Prototyping VI: Image Extender – Image sonification tool for immersive perception of sounds from images and new creation possibilities

New features in the object recognition and test run for images:

Since the initial freesound.org and GeminAI setup, I have added several improvements.
You can now choose between different object recognition models and adjust settings like the number of detected objects and the minimum confidence threshold.

GUI for the settings of the model

I also created a detailed testing matrix, using a wide range of images to evaluate detection accuracy. Due to that there might be the change of the model later on, because it seems the gemini api only has a very basic pool of tags and is also not a good training in every category.

Test of images for the object recognition

It is still reliable for these basic tags like “bird”, “car”, “tree”, etc. And for these tags it also doesn’t really matter if theres a lot of shadow, you only see half of the object or even if its blurry. But because of the lack of specific tags I will look into models or APIs that offer more fine-grained recognition.

Coming up: I’ll be working on whether to auto-play or download the selected audio files including layering sounds, adjusting volumes, experimenting with EQ and filtering — all to make the playback more natural and immersive. Also, I will think about categorization and moving the tags into a layer system. Beside that I am going to check for other object recognition models, but  I might stick to the gemini api for prototyping a bit more and change the model later.

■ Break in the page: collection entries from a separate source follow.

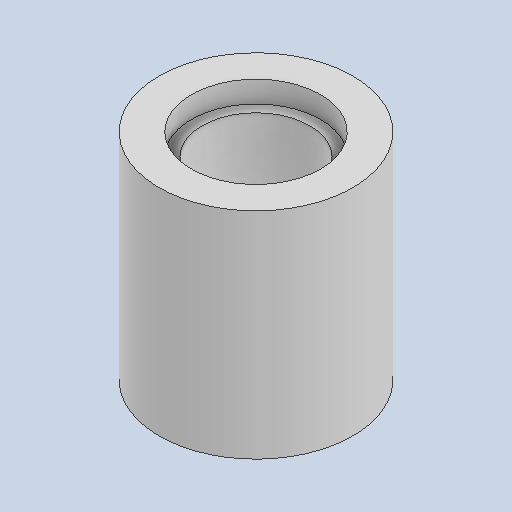
# Autodesk Inventor part: Link
Saved by Autodesk Inventor 2025.3 (Build 293356030, 356C)
## iProperties
Created: 2025-09-07
Part Number: Link
Material: 일반
Document SubType Name: Modeling
Designer: MSI
Density: 1 g/cm^3
Appearance: 기본값
Author: MSI
Autodesk Inventor part; units mm, degrees
ref_plane "YZ Plane" through (0, 0, 0) normal (1, 0, 0) x (0, 1, 0)
ref_plane "XZ Plane" through (0, 0, 0) normal (0, 1, 0) x (-1, 0, 0)
ref_plane "XY Plane" through (0, 0, 0) normal (0, 0, 1) x (1, 0, 0)
sketch "스케치1" plane through (0, 0, 0) normal (0, 1, 0) x (-1, 0, 0)
  circle A0 centre (0, 0) radius 45
  dimension "d0" = 90
  constraints: 1 centre point, 1 coincident
  measures "d0" diameter of A0
extrude "돌출1" add sketch "스케치1" along normal mid plane 100
sketch "스케치2" plane through (0, 50, 0) normal (0, 1, 0) x (1, 0, 0)
  circle A0 centre (0, 0) radius 45 projected
  constraints: 1 coincident
hole "구멍1" at (0, 50, 0) direction (0, -1, 0) diameter 50 end through all counterbore diameter 60 counterbore depth 10
Autodesk Fusion 360 part; units mm, degrees
(part 2 of 2)
sketch "Sketch43" plane through (0, 10, 0) normal (0, 1, 0) x (-1, 0, 0)
  line L0 (-47.7, 203) -> (-47.7, 218)
  line L1 (-47.7, 218) -> (-127.2, 218)
  line L2 (-127.2, 218) -> (-127.2, -25)
  line L3 (-127.2, -25) -> (-46.7, -25)
  line L4 (-46.7, -25) -> (-46.7, -10)
  line L5 (-46.7, -10) -> (15, -10)
  line L6 (15, -10) -> (15, -15)
  line L7 (15, -15) -> (30, -15)
  line L8 (30, -15) -> (30, 198)
  line L9 (30, 198) -> (17.475, 208)
  line L10 (17.475, 208) -> (15, 208)
  line L11 (15, 208) -> (15, 203)
  line L12 (15, 203) -> (-47.7, 203)
  circle A0 centre (-63.325, 91) radius 4
  circle A1 centre (-105.075, 102) radius 4
  line L13 (15, 208) -> (30, 208)
  line L14 (30, 208) -> (30, 203)
  line L15 (30, 203) -> (15, 203)
  line L16 (15, 203) -> (15, 208)
  line L17 (30, 203) -> (-47.7, 203)
  line L18 (-47.7, 203) -> (-47.7, 198)
  line L19 (-47.7, 198) -> (30, 198)
  line L20 (30, 198) -> (30, 203)
  line L21 (30, -15) -> (15, -15)
  line L22 (15, -15) -> (15, -10)
  line L23 (15, -10) -> (30, -10)
  line L24 (30, -10) -> (30, -15)
  line L25 (-46.7, -10) -> (30, -10)
  line L26 (30, -10) -> (30, -5)
  line L27 (30, -5) -> (-46.7, -5)
  line L28 (-46.7, -5) -> (-46.7, -10)
  line L29 (15, -10) -> (-46.7, -10)
  line L30 (-46.7, -10) -> (-46.7, -5)
  line L31 (-46.7, -5) -> (15, -5)
  line L32 (15, -5) -> (15, -10)
  dimension "d251" = 15
  dimension "d252" = 5
  dimension "d253" = 5
  dimension "d254" = 15
  dimension "d255" = 5
  dimension "d256" = 5
  constraint horizontal L13
  constraint vertical L14
  constraint horizontal L15
  constraint vertical L16
  constraint coincident L10.end L11.start
  constraint horizontal L17
  constraint vertical L18
  constraint horizontal L19
  constraint vertical L20
  constraint horizontal L21
  constraint vertical L22
  constraint horizontal L23
  constraint vertical L24
  constraint coincident L7.end L8.start
  constraint horizontal L25
  constraint vertical L26
  constraint horizontal L27
  constraint vertical L28
  constraint coincident L4.end L5.start
  constraint horizontal L29
  constraint vertical L30
  constraint horizontal L31
  constraint vertical L32
  measures "d251" distance of L10.end L13.end
  measures "d252" distance of L10.end L11.end
  measures "d253" distance of L14.end L8.end
  measures "d254" distance of L7.end L6.end
  measures "d255" distance of L7.end L23.end
  measures "d256" distance of L4.end L27.end
extrude "Extrude87" cut sketch "Sketch43" against normal blind 5 contours L5 L25 L27 L28 L29 L30 L31 L32 bodies 1
extrude "Extrude88" cut 1 faces at (-25, 8.3333, -15) along direction (0, 0, 1) blind 5 on bodies 1 bodies 1
sketch "Sketch44" plane through (0, 10, 0) normal (0, 1, 0) x (-1, 0, 0)
  line L0 (15, -10) -> (30, -10)
  line L1 (30, -10) -> (30, 198)
  line L2 (30, 198) -> (17.475, 208)
  line L3 (17.475, 208) -> (15, 208)
  line L4 (15, 208) -> (15, 203)
  line L5 (15, 203) -> (-47.7, 203)
  line L6 (-47.7, 203) -> (-47.7, 218)
  line L7 (-47.7, 218) -> (-127.2, 218)
  line L8 (-127.2, 218) -> (-127.2, -25)
  line L9 (-127.2, -25) -> (-46.7, -25)
  line L10 (-46.7, -25) -> (-46.7, -5)
  line L11 (-46.7, -5) -> (15, -5)
  line L12 (15, -5) -> (15, -10)
  circle A0 centre (-63.325, 91) radius 4
  circle A1 centre (-105.075, 102) radius 4
  line L13 (15, 208) -> (30, 208)
  line L14 (30, 208) -> (30, 198)
  line L15 (30, 198) -> (15, 198)
  line L16 (15, 198) -> (15, 208)
  line L17 (15, 203) -> (30, 203)
  line L18 (30, 203) -> (30, 198)
  line L19 (30, 198) -> (15, 198)
  line L20 (15, 198) -> (15, 203)
  line L21 (17.475, 208) -> (30, 198)
  constraint horizontal L13
  constraint vertical L14
  constraint horizontal L15
  constraint vertical L16
  constraint coincident L1.end L2.start
  constraint coincident L3.end L4.start
  constraint horizontal L17
  constraint vertical L18
  constraint horizontal L19
  constraint vertical L20
  constraint coincident L4.end L5.start
  constraint coincident L2.end L3.start
extrude "Extrude89" cut 1 faces at (5.9, 8.3333, 203) along direction (0, 0, -1) blind 5 on bodies 1 bodies 1
sketch "Sketch45" plane through (0, 10, 0) normal (0, 1, 0) x (-1, 0, 0)
  line L0 (30, 198) -> (15, 198)
  line L1 (17.475, 208) -> (17.475, 198)
  line L2 (30, 198) -> (15, 198)
  line L3 (15, 198) -> (15, 193)
  line L4 (15, 193) -> (30, 193)
  line L5 (30, 193) -> (30, 198)
  line L6 (17.475, 203) -> (30, 193)
  point P0 (17.475, 208)
  dimension "d263" = 5
  constraint coincident P0 L1.start
  constraint coincident L0 L1.end
  constraint perpendicular L0 L1
  constraint horizontal L2
  constraint vertical L3
  constraint horizontal L4
  constraint vertical L5
  constraint coincident L0.start L2.start
  constraint midpoint L1 L6.start
  measures "d263" distance of L0.start L4.end
extrude "Extrude90" cut sketch "Sketch44" sketch "Sketch45" against normal blind 5 contours L2 L3 L4 L13 L16 L17 L21 of sketch 2 contours L0 L2 L5 L6 bodies 1
sketch "Sketch46" plane through (0, 10, 0) normal (0, 1, 0) x (-1, 0, 0)
  line L0 (23.7375, 203) -> (15, 203)
  line L1 (15, 203) -> (15, 198)
  line L2 (15, 198) -> (-47.7, 198)
  line L3 (-47.7, 198) -> (-47.7, 218)
  line L4 (-47.7, 218) -> (-127.2, 218)
  line L5 (-127.2, 218) -> (-127.2, -25)
  line L6 (-127.2, -25) -> (-46.7, -25)
  line L7 (-46.7, -25) -> (-46.7, -5)
  line L8 (-46.7, -5) -> (15, -5)
  line L9 (15, -5) -> (15, -10)
  line L10 (15, -10) -> (30, -10)
  line L11 (30, -10) -> (30, 193)
  line L12 (30, 193) -> (23.7375, 198)
  line L13 (23.7375, 198) -> (30, 198)
  line L14 (30, 198) -> (23.7375, 203)
  circle A0 centre (-105.075, 102) radius 4
  circle A1 centre (-63.325, 91) radius 4
  line L15 (15, 203) -> (17.475, 203)
  line L16 (17.475, 203) -> (17.475, 198)
  line L17 (17.475, 198) -> (15, 198)
  line L18 (15, 198) -> (15, 203)
  line L19 (23.7375, 198) -> (17.475, 203)
  dimension "d266" = 2.475
  constraint horizontal L15
  constraint vertical L16
  constraint horizontal L17
  constraint vertical L18
  constraint coincident L0.end L1.start
  constraint coincident L12.end L13.start
  measures "d266" distance of L0.end L15.end
extrude "Extrude91" cut sketch "Sketch46" against normal blind 5 contours L0 L13 L14 L19 bodies 1
sketch "Sketch47" plane through (0, 10, 0) normal (0, 1, 0) x (-1, 0, 0)
  line L0 (30, 193) -> (17.475, 203)
  line L1 (17.475, 203) -> (15, 203)
  line L2 (15, 203) -> (15, 198)
  line L3 (15, 198) -> (-47.7, 198)
  line L4 (-47.7, 198) -> (-47.7, 218)
  line L5 (-47.7, 218) -> (-127.2, 218)
  line L6 (-127.2, 218) -> (-127.2, -25)
  line L7 (-127.2, -25) -> (-46.7, -25)
  line L8 (-46.7, -25) -> (-46.7, -5)
  line L9 (-46.7, -5) -> (15, -5)
  line L10 (15, -5) -> (15, -10)
  line L11 (15, -10) -> (30, -10)
  line L12 (30, -10) -> (30, 193)
  circle A0 centre (-105.075, 102) radius 4
  circle A1 centre (-63.325, 91) radius 4
  line L13 (30, -10) -> (15, -10)
  line L14 (15, -10) -> (15, 13.5)
  line L15 (15, 13.5) -> (30, 13.5)
  line L16 (30, 13.5) -> (30, -10)
  line L17 (30, 13.5) -> (30, 193)
  line L18 (30, 193, 0) -> (30, 193, -5)
  line L19 (30, 193, -5) -> (30, 13.5, -5)
  line L20 (30, 13.5, -5) -> (30, 13.5, 0)
  point P0 (30, 193)
  dimension "d269" = 23.5
  constraint horizontal L13
  constraint vertical L14
  constraint horizontal L15
  constraint vertical L16
  constraint coincident L11.end L12.start
  constraint vertical L17
  constraint coincident P0 L0.start
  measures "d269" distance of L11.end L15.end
Autodesk Fusion 360 part; units mm, degrees
(part 2 of 2)
sketch "Sketch2" plane through (0, 0, 25) normal (0, 0, 1) x (-1, 0, 0)
  spline S0 degree 3 poles (-93.3378, -102.7633) (-92.6534, -103.4892) (-92.135, -104.0698) (-92.1764, -104.0698) knots -1 -1 -1 -1 0 0 0 0
  spline S1 degree 3 poles (-92.1764, -104.0698) (-92.4046, -104.0698) (-94.6651, -102.2863) (-95.5154, -101.436) knots -1 -1 -1 -1 0 0 0 0
  spline S2 degree 3 poles (-95.5154, -101.436) (-96.0131, -100.9383) (-96.5938, -100.4406) (-96.8219, -100.3161) knots -1 -1 -1 -1 0 0 0 0
  spline S3 degree 3 poles (-96.8219, -100.3161) (-97.0293, -100.2125) (-97.1537, -100.0258) (-97.0915, -99.9014) knots -1 -1 -1 -1 0 0 0 0
  spline S4 degree 3 poles (-97.0915, -99.9014) (-97.0085, -99.7977) (-97.1537, -99.7147) (-97.3818, -99.7147) knots -1 -1 -1 -1 0 0 0 0
  spline S5 degree 3 poles (-97.3818, -99.7147) (-97.6307, -99.7147) (-97.921, -99.5281) (-98.0662, -99.3) knots -1 -1 -1 -1 0 0 0 0
  spline S6 degree 3 poles (-98.0662, -99.3) (-98.2114, -99.0718) (-98.4395, -98.8852) (-98.5847, -98.8852) knots -1 -1 -1 -1 0 0 0 0
  spline S7 degree 3 poles (-98.5847, -98.8852) (-98.7299, -98.8852) (-98.9165, -98.7608) (-98.9995, -98.5948) knots -1 -1 -1 -1 0 0 0 0
  spline S8 degree 3 poles (-98.9995, -98.5948) (-99.0824, -98.4289) (-99.4557, -97.9727) (-99.8083, -97.5786) knots -1 -1 -1 -1 0 0 0 0
  spline S9 degree 3 poles (-99.8083, -97.5786) (-101.0111, -96.2721) (-104.433, -91.6267) (-105.1588, -90.3201) knots -1 -1 -1 -1 0 0 0 0
  spline S10 degree 3 poles (-105.1588, -90.3201) (-106.258, -88.3707) (-108.1452, -83.663) (-108.7051, -81.5269) knots -1 -1 -1 -1 0 0 0 0
  spline S11 degree 3 poles (-108.7051, -81.5269) (-109.8043, -77.3377) (-110.2191, -72.4434) (-109.8665, -67.9639) knots -1 -1 -1 -1 0 0 0 0
  spline S12 degree 3 poles (-109.8665, -67.9639) (-109.5347, -63.7539) (-107.9171, -58.1545) (-106.1128, -54.8156) knots -1 -1 -1 -1 0 0 0 0
  spline S13 degree 3 poles (-106.1128, -54.8156) (-105.7395, -54.1312) (-105.2211, -53.2187) (-104.9929, -52.7624) knots -1 -1 -1 -1 0 0 0 0
  spline S14 degree 3 poles (-104.9929, -52.7624) (-104.7441, -52.3269) (-104.433, -51.9122) (-104.3086, -51.8707) knots -1 -1 -1 -1 0 0 0 0
  spline S15 degree 3 poles (-104.3086, -51.8707) (-104.1634, -51.8085) (-104.0389, -51.6011) (-104.0182, -51.4144) knots -1 -1 -1 -1 0 0 0 0
  spline S16 degree 3 poles (-104.0182, -51.4144) (-104.0182, -51.2278) (-103.956, -51.1863) (-103.8938, -51.3315) knots -1 -1 -1 -1 0 0 0 0
  spline S17 degree 3 poles (-103.8938, -51.3315) (-103.7693, -51.6633) (-103.1679, -51.0619) (-101.8407, -49.3198) knots -1 -1 -1 -1 0 0 0 0
  spline S18 degree 3 poles (-101.8407, -49.3198) (-99.6424, -46.3749) (-96.9256, -43.7411) (-93.6904, -41.3769) knots -1 -1 -1 -1 0 0 0 0
  spline S19 degree 3 poles (-93.6904, -41.3769) (-91.0151, -39.4275) (-86.5563, -36.9803) (-86.0171, -37.1877) knots -1 -1 -1 -1 0 0 0 0
  spline S20 degree 3 poles (-86.0171, -37.1877) (-85.8512, -37.2499) (-85.7682, -37.2499) (-85.8512, -37.167) knots -1 -1 -1 -1 0 0 0 0
  spline S21 degree 3 poles (-85.8512, -37.167) (-86.0585, -36.9596) (-83.3003, -35.7982) (-82.9478, -35.9434) knots -1 -1 -1 -1 0 0 0 0
  spline S22 degree 3 poles (-82.9478, -35.9434) (-82.7818, -35.9849) (-82.6989, -35.9641) (-82.7611, -35.8605) knots -1 -1 -1 -1 0 0 0 0
  spline S23 degree 3 poles (-82.7611, -35.8605) (-82.8233, -35.7568) (-82.6367, -35.6116) (-82.3049, -35.5494) knots -1 -1 -1 -1 0 0 0 0
  spline S24 degree 3 poles (-82.3049, -35.5494) (-81.9938, -35.4664) (-81.1435, -35.2383) (-80.3969, -35.0102) knots -1 -1 -1 -1 0 0 0 0
  spline S25 degree 3 poles (-80.3969, -35.0102) (-77.7009, -34.2428) (-77.2031, -34.1391) (-73.6983, -33.7451) knots -1 -1 -1 -1 0 0 0 0
  spline S26 degree 3 poles (-73.6983, -33.7451) (-69.8824, -33.3303) (-66.7924, -33.2474) (-66.2946, -33.5585) knots -1 -1 -1 -1 0 0 0 0
  spline S27 degree 3 poles (-66.2946, -33.5585) (-65.9628, -33.7659) (-66.1702, -33.8695) (-68.6796, -34.6991) knots -1 -1 -1 -1 0 0 0 0
  spline S28 degree 3 poles (-68.6796, -34.6991) (-70.8364, -35.4042) (-71.9355, -35.9641) (-74.4656, -37.6647) knots -1 -1 -1 -1 0 0 0 0
  spline S29 degree 3 poles (-74.4656, -37.6647) (-80.5421, -41.7502) (-87.054, -48.0963) (-90.2063, -53.0113) knots -1 -1 -1 -1 0 0 0 0
  spline S30 degree 3 poles (-90.2063, -53.0113) (-92.1142, -55.9562) (-93.4622, -59.1292) (-93.4622, -60.7053) knots -1 -1 -1 -1 0 0 0 0
  line L0 (-93.4622, -60.7053) -> (-93.483, -61.4519)
  line L1 (-93.483, -61.4519) -> (-94.0014, -60.8298)
  spline S31 degree 3 poles (-94.0014, -60.8298) (-95.6191, -58.8596) (-95.5154, -54.9815) (-93.6904, -49.4235) knots -1 -1 -1 -1 0 0 0 0
  spline S32 degree 3 poles (-93.6904, -49.4235) (-93.3585, -48.4073) (-93.1097, -47.5156) (-93.1512, -47.4741) knots -1 -1 -1 -1 0 0 0 0
  spline S33 degree 3 poles (-93.1512, -47.4741) (-93.3585, -47.2874) (-96.5108, -49.942) (-97.8588, -51.4144) knots -1 -1 -1 -1 0 0 0 0
  spline S34 degree 3 poles (-97.8588, -51.4144) (-101.8614, -55.811) (-103.6242, -59.3988) (-103.6242, -63.1525) knots -1 -1 -1 -1 0 0 0 0
  spline S35 degree 3 poles (-103.6242, -63.1525) (-103.6242, -66.1389) (-102.608, -69.0215) (-99.912, -73.584) knots -1 -1 -1 -1 0 0 0 0
  spline S36 degree 3 poles (-99.912, -73.584) (-97.8588, -77.0889) (-97.3404, -80.5522) (-98.2114, -84.9488) knots -1 -1 -1 -1 0 0 0 0
  spline S37 degree 3 poles (-98.2114, -84.9488) (-98.4603, -86.1309) (-98.7091, -87.9974) (-98.7713, -89.0965) knots -1 -1 -1 -1 0 0 0 0
  spline S38 degree 3 poles (-98.7713, -89.0965) (-99.0617, -93.8042) (-96.9878, -99.0511) (-93.3378, -102.7633) knots -1 -1 -1 -1 0 0 0 0
  spline S39 degree 3 poles (-53.9551, -98.2838) (-55.4691, -98.5119) (-56.6926, -98.346) (-58.1236, -97.6616) knots -1 -1 -1 -1 0 0 0 0
  spline S40 degree 3 poles (-58.1236, -97.6616) (-60.7989, -96.4173) (-63.1216, -93.1198) (-63.7023, -89.7394) knots -1 -1 -1 -1 0 0 0 0
  spline S41 degree 3 poles (-63.7023, -89.7394) (-63.8889, -88.7232) (-63.4327, -85.6954) (-62.9557, -84.7) knots -1 -1 -1 -1 0 0 0 0
  spline S42 degree 3 poles (-62.9557, -84.7) (-62.6031, -83.9534) (-62.5617, -83.5801) (-62.6861, -81.5477) knots -1 -1 -1 -1 0 0 0 0
  spline S43 degree 3 poles (-62.6861, -81.5477) (-62.8313, -78.9968) (-62.7691, -78.7272) (-61.5455, -77.5036) knots -1 -1 -1 -1 0 0 0 0
  spline S44 degree 3 poles (-61.5455, -77.5036) (-61.1307, -77.0889) (-60.5915, -76.4667) (-60.3219, -76.1142) knots -1 -1 -1 -1 0 0 0 0
  spline S45 degree 3 poles (-60.3219, -76.1142) (-59.5753, -75.098) (-57.5014, -74.7247) (-56.0497, -75.3261) knots -1 -1 -1 -1 0 0 0 0
  spline S46 degree 3 poles (-56.0497, -75.3261) (-55.6764, -75.4713) (-54.8884, -76.0312) (-54.287, -76.5704) knots -1 -1 -1 -1 0 0 0 0
  spline S47 degree 3 poles (-54.287, -76.5704) (-53.7063, -77.0889) (-52.856, -77.711) (-52.4412, -77.9184) knots -1 -1 -1 -1 0 0 0 0
  spline S48 degree 3 poles (-52.4412, -77.9184) (-51.1139, -78.6028) (-50.16, -79.7642) (-49.7037, -81.2366) knots -1 -1 -1 -1 0 0 0 0
  spline S49 degree 3 poles (-49.7037, -81.2366) (-49.206, -82.8127) (-49.206, -82.792) (-49.6, -82.6261) knots -1 -1 -1 -1 0 0 0 0
  spline S50 degree 3 poles (-49.6, -82.6261) (-49.7867, -82.5639) (-49.9111, -82.6261) (-49.9111, -82.8335) knots -1 -1 -1 -1 0 0 0 0
  spline S51 degree 3 poles (-49.9111, -82.8335) (-49.9111, -82.9994) (-49.9941, -83.0823) (-50.1185, -83.0201) knots -1 -1 -1 -1 0 0 0 0
  spline S52 degree 3 poles (-50.1185, -83.0201) (-50.2222, -82.9579) (-50.2637, -83.0201) (-50.2222, -83.1653) knots -1 -1 -1 -1 0 0 0 0
  spline S53 degree 3 poles (-50.2222, -83.1653) (-50.0977, -83.4764) (-51.2798, -84.7207) (-51.7776, -84.8244) knots -1 -1 -1 -1 0 0 0 0
  spline S54 degree 3 poles (-51.7776, -84.8244) (-52.5034, -84.9696) (-53.25, -86.3176) (-53.7685, -88.3914) knots -1 -1 -1 -1 0 0 0 0
  line L2 (-53.7685, -88.3914) -> (-54.1003, -89.7602)
  line L3 (-54.1003, -89.7602) -> (-54.9506, -89.0758)
  spline S55 degree 3 poles (-54.9506, -89.0758) (-56.3193, -87.9974) (-56.7548, -87.8315) (-58.6835, -87.7278) knots -1 -1 -1 -1 0 0 0 0
  spline S56 degree 3 poles (-58.6835, -87.7278) (-59.679, -87.6863) (-60.4878, -87.5619) (-60.4878, -87.4582) knots -1 -1 -1 -1 0 0 0 0
  spline S57 degree 3 poles (-60.4878, -87.4582) (-60.4878, -87.3545) (-60.633, -87.2715) (-60.8196, -87.2715) knots -1 -1 -1 -1 0 0 0 0
  spline S58 degree 3 poles (-60.8196, -87.2715) (-61.0063, -87.2715) (-61.11, -87.4167) (-61.0685, -87.6241) knots -1 -1 -1 -1 0 0 0 0
  spline S59 degree 3 poles (-61.0685, -87.6241) (-61.027, -87.8522) (-60.6537, -88.0389) (-59.8656, -88.184) knots -1 -1 -1 -1 0 0 0 0
  spline S60 degree 3 poles (-59.8656, -88.184) (-58.0821, -88.5573) (-56.7963, -89.3039) (-55.1165, -90.9423) knots -1 -1 -1 -1 0 0 0 0
  spline S61 degree 3 poles (-55.1165, -90.9423) (-54.287, -91.7718) (-53.5611, -92.4562) (-53.5196, -92.4562) knots -1 -1 -1 -1 0 0 0 0
  spline S62 degree 3 poles (-53.5196, -92.4562) (-53.4781, -92.4562) (-53.4367, -92.3318) (-53.4367, -92.1659) knots -1 -1 -1 -1 0 0 0 0
  spline S63 degree 3 poles (-53.4367, -92.1659) (-53.4367, -92.0207) (-52.8352, -90.6519) (-52.0887, -89.1588) knots -1 -1 -1 -1 0 0 0 0
  spline S64 degree 3 poles (-52.0887, -89.1588) (-50.8858, -86.7116) (-49.7867, -85.1977) (-49.2267, -85.1977) knots -1 -1 -1 -1 0 0 0 0
  spline S65 degree 3 poles (-49.2267, -85.1977) (-49.1438, -85.1977) (-48.9364, -85.5088) (-48.7705, -85.8821) knots -1 -1 -1 -1 0 0 0 0
  spline S66 degree 3 poles (-48.7705, -85.8821) (-47.9824, -87.6863) (-46.6137, -88.35) (-45.5145, -87.4789) knots -1 -1 -1 -1 0 0 0 0
  line L4 (-45.5145, -87.4789) -> (-44.996, -87.0849)
  line L5 (-44.996, -87.0849) -> (-44.8509, -88.2048)
  spline S67 degree 3 poles (-44.8509, -88.2048) (-44.7057, -89.4491) (-44.9546, -91.5644) (-45.5145, -93.8664) knots -1 -1 -1 -1 0 0 0 0
  spline S68 degree 3 poles (-45.5145, -93.8664) (-45.7841, -95.0693) (-46.0122, -95.5255) (-46.6137, -96.1062) knots -1 -1 -1 -1 0 0 0 0
  spline S69 degree 3 poles (-46.6137, -96.1062) (-47.4639, -96.9358) (-49.1645, -97.4957) (-50.3466, -97.309) knots -1 -1 -1 -1 0 0 0 0
  spline S70 degree 3 poles (-50.3466, -97.309) (-50.8858, -97.2261) (-51.3421, -97.309) (-52.0057, -97.6409) knots -1 -1 -1 -1 0 0 0 0
  spline S71 degree 3 poles (-52.0057, -97.6409) (-52.5034, -97.9105) (-53.3745, -98.1801) (-53.9551, -98.2838) knots -1 -1 -1 -1 0 0 0 0
  line L6 (-63.8475, -78.1673) -> (-64.0756, -78.9761)
  line L7 (-64.0756, -78.9761) -> (-64.5318, -78.5613)
  spline S72 degree 3 poles (-64.5318, -78.5613) (-64.7807, -78.3125) (-65.2577, -78.0636) (-65.5895, -77.9599) knots -1 -1 -1 -1 0 0 0 0
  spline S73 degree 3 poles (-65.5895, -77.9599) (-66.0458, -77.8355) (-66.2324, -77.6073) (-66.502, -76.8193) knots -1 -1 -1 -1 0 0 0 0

Prototyping V: Image Extender – Image sonification tool for immersive perception of sounds from images and new creation possibilities

Integration of AI-Object Recognition in the automated audio file search process:

After setting up the initial interface for the freesound.org API and confirming everything works with test tags and basic search filters, the next major milestone is now in motion: AI-based object recognition using the GeminAI API.

The idea is to feed in an image (or a batch of them), let the AI detect what’s in it, and then use those recognized tags to trigger an automated search for corresponding sounds on freesound.org. The integration already loads the detected tags into an array, which is then automatically passed on to the sound search. This allows the system to dynamically react to the content of an image and search for matching audio files — no manual tagging needed anymore.

So far, the detection is working pretty reliably for general categories like “bird”, “car”, “tree”, etc. But I’m looking into models or APIs that offer more fine-grained recognition. For instance, instead of just “bird”, I’d like it to say “sparrow”, “eagle”, or even specific songbird species if possible. This would make the whole sound mapping feel much more tailored and immersive.

A list of test images will be prepared, but there’s already a testing matrix for different objects, situations, scenery and technical differences

On the freesound side, I’ve got the basic query parameters set up: tag search, sample rate, file type, license, and duration filters. There’s room to expand this with additional parameters like rating, bit depth, and maybe even a random selection toggle to avoid repetition when the same tag comes up multiple times.

Coming up: I’ll be working on whether to auto-play or download the selected audio files, and starting to test how the AI-generated tags influence the mood and quality of the soundscape. The long-term plan includes layering sounds, adjusting volumes, experimenting with EQ and filtering — all to make the playback more natural and immersive.